Postby ishusharma » Sat Mar 27, 2010 4:01 pm

in my this post i m just giving the basic idea of computer architecture

In computer science, computer architecture or digital computer organization is the conceptual design and fundamental operational structure of a computer system. It is a blueprint and functional description of requirements and design implementations for the various parts of a computer, focusing largely on the way by which the central processing unit (CPU) performs internally and accesses addresses in memory.
It may also be defined as the science and art of selecting and interconnecting hardware components to create computers that meet functional, performance and cost goals.
Computer architecture comprises at least three main subcategories:[1]
Instruction set architecture, or ISA, is the abstract image of a computing system that is seen by a machine language (or assembly language) programmer, including the instruction set, word size, memory address modes, processor registers, and address and data formats.
Microarchitecture, also known as Computer organization is a lower level, more concrete and detailed, description of the system that involves how the constituent parts of the system are interconnected and how they interoperate in order to implement the ISA.[2] The size of a computer's cache for instance, is an organizational issue that generally has nothing to do with the ISA.
System Design which includes all of the other hardware components within a computing system such as:
System interconnects such as computer buses and switches
Memory controllers and hierarchies
CPU off-load mechanisms such as direct memory access (DMA)
Issues like multiprocessing.
Once both ISA and microarchitecture have been specified, the actual device needs to be designed into hardware. This design process is called implementation. Implementation is usually not considered architectural definition, but rather hardware design engineering.

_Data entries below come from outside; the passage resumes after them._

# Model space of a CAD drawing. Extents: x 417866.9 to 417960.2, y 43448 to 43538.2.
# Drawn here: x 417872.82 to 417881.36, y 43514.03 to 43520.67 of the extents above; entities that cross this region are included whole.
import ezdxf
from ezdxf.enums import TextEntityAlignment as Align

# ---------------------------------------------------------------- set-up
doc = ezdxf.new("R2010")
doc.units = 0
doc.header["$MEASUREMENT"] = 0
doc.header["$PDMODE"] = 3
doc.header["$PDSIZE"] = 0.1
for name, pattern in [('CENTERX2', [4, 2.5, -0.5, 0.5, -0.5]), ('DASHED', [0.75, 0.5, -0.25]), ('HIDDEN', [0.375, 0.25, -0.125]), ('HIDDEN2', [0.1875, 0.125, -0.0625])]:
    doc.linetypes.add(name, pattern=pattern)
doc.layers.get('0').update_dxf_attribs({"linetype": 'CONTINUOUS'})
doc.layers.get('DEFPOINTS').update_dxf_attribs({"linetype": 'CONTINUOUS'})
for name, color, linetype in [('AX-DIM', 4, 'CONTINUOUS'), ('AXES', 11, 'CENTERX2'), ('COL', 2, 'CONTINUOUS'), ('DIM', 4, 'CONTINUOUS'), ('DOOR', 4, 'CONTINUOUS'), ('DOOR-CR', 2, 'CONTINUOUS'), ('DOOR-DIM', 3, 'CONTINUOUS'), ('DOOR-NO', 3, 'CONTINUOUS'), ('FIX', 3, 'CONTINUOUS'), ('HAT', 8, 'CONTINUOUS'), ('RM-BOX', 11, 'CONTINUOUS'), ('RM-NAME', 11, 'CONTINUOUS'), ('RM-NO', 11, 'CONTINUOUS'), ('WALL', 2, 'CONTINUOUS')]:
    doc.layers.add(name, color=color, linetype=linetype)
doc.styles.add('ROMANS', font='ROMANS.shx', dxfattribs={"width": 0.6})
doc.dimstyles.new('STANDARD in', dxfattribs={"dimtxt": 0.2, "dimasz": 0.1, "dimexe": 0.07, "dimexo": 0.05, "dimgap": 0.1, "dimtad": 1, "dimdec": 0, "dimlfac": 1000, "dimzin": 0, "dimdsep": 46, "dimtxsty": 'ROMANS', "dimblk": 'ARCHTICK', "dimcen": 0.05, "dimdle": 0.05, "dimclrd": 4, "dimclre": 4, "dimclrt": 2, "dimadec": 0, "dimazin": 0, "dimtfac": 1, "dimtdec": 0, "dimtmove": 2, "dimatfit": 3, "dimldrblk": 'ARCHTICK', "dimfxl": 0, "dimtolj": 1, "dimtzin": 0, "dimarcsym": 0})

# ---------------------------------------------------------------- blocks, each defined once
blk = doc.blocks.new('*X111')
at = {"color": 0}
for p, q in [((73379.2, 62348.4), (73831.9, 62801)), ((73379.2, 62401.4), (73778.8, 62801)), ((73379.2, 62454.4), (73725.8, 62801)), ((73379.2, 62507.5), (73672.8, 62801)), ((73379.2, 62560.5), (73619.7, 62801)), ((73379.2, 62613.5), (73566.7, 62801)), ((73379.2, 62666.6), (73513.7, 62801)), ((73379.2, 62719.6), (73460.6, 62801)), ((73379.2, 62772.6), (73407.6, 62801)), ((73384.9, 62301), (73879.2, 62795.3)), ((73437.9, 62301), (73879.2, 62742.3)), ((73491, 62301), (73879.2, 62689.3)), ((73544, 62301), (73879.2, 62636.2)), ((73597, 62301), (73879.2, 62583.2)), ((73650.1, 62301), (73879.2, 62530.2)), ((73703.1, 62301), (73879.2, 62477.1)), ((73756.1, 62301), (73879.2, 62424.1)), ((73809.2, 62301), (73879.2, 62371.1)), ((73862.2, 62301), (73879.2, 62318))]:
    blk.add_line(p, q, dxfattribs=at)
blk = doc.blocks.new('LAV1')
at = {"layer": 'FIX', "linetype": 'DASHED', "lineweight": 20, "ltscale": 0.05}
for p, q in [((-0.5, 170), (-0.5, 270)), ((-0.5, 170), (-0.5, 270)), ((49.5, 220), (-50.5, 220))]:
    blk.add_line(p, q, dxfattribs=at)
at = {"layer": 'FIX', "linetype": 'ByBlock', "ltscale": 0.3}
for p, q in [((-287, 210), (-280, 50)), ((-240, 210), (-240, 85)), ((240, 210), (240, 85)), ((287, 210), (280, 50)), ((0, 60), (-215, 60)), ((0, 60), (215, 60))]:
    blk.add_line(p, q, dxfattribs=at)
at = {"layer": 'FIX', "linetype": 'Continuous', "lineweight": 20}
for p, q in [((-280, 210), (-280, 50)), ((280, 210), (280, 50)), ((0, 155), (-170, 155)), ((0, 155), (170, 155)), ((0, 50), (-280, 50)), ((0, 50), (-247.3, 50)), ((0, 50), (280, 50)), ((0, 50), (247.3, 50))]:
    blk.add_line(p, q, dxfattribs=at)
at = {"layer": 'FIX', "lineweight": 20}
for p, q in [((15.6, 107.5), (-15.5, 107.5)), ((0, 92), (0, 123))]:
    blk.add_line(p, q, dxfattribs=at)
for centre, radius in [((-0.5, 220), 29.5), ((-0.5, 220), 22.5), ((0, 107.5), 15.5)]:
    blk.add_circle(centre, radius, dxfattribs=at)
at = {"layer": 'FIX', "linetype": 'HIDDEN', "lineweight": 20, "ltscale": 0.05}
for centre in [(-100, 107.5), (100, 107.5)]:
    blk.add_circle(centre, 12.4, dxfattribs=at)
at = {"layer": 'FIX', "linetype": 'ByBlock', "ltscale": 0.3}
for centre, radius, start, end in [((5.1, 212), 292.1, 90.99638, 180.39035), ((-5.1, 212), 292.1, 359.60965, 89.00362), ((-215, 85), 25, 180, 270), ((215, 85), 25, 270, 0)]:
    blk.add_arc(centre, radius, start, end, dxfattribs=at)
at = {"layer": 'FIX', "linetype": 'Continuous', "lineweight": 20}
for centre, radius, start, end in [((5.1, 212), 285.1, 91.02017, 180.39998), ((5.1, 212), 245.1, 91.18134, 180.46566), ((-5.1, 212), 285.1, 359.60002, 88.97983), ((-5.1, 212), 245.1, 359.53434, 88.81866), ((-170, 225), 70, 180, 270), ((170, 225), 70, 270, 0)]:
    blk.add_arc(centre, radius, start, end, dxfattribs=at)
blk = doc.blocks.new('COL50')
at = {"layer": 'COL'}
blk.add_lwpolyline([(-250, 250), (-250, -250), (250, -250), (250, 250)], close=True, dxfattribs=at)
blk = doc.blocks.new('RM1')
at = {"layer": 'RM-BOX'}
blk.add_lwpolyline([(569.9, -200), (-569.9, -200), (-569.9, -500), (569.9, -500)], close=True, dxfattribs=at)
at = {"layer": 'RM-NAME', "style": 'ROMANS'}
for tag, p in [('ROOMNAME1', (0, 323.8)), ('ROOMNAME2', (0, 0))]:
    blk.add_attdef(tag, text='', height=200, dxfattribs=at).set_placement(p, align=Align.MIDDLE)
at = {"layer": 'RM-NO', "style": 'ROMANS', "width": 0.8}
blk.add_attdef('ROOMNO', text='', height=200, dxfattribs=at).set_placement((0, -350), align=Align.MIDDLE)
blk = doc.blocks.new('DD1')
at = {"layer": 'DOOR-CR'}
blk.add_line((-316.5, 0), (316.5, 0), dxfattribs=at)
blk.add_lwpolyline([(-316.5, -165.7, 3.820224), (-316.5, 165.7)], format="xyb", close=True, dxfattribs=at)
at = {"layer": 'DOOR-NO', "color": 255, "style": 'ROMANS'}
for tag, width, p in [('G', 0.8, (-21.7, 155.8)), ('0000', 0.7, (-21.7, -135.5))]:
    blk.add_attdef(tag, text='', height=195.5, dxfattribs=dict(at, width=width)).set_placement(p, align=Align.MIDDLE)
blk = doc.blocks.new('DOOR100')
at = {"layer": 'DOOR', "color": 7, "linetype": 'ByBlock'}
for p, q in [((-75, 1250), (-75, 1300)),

Implementation can be further broken down into three (not fully distinct) pieces:
Logic Implementation — design of blocks defined in the microarchitecture at (primarily) the register-transfer and gate levels.
Circuit Implementation — transistor-level design of basic elements (gates, multiplexers, latches etc) as well as of some larger blocks (ALUs, caches etc) that may be implemented at this level, or even (partly) at the physical level, for performance reasons.
Physical Implementation — physical circuits are drawn out, the different circuit components are placed in a chip floorplan or on a board and the wires connecting them are routed.
For CPUs, the entire implementation process is often called CPU design.
More specific usages of the term include more general wider-scale hardware architectures, such as cluster computing and Non-Uniform Memory Access (NUMA) architectures.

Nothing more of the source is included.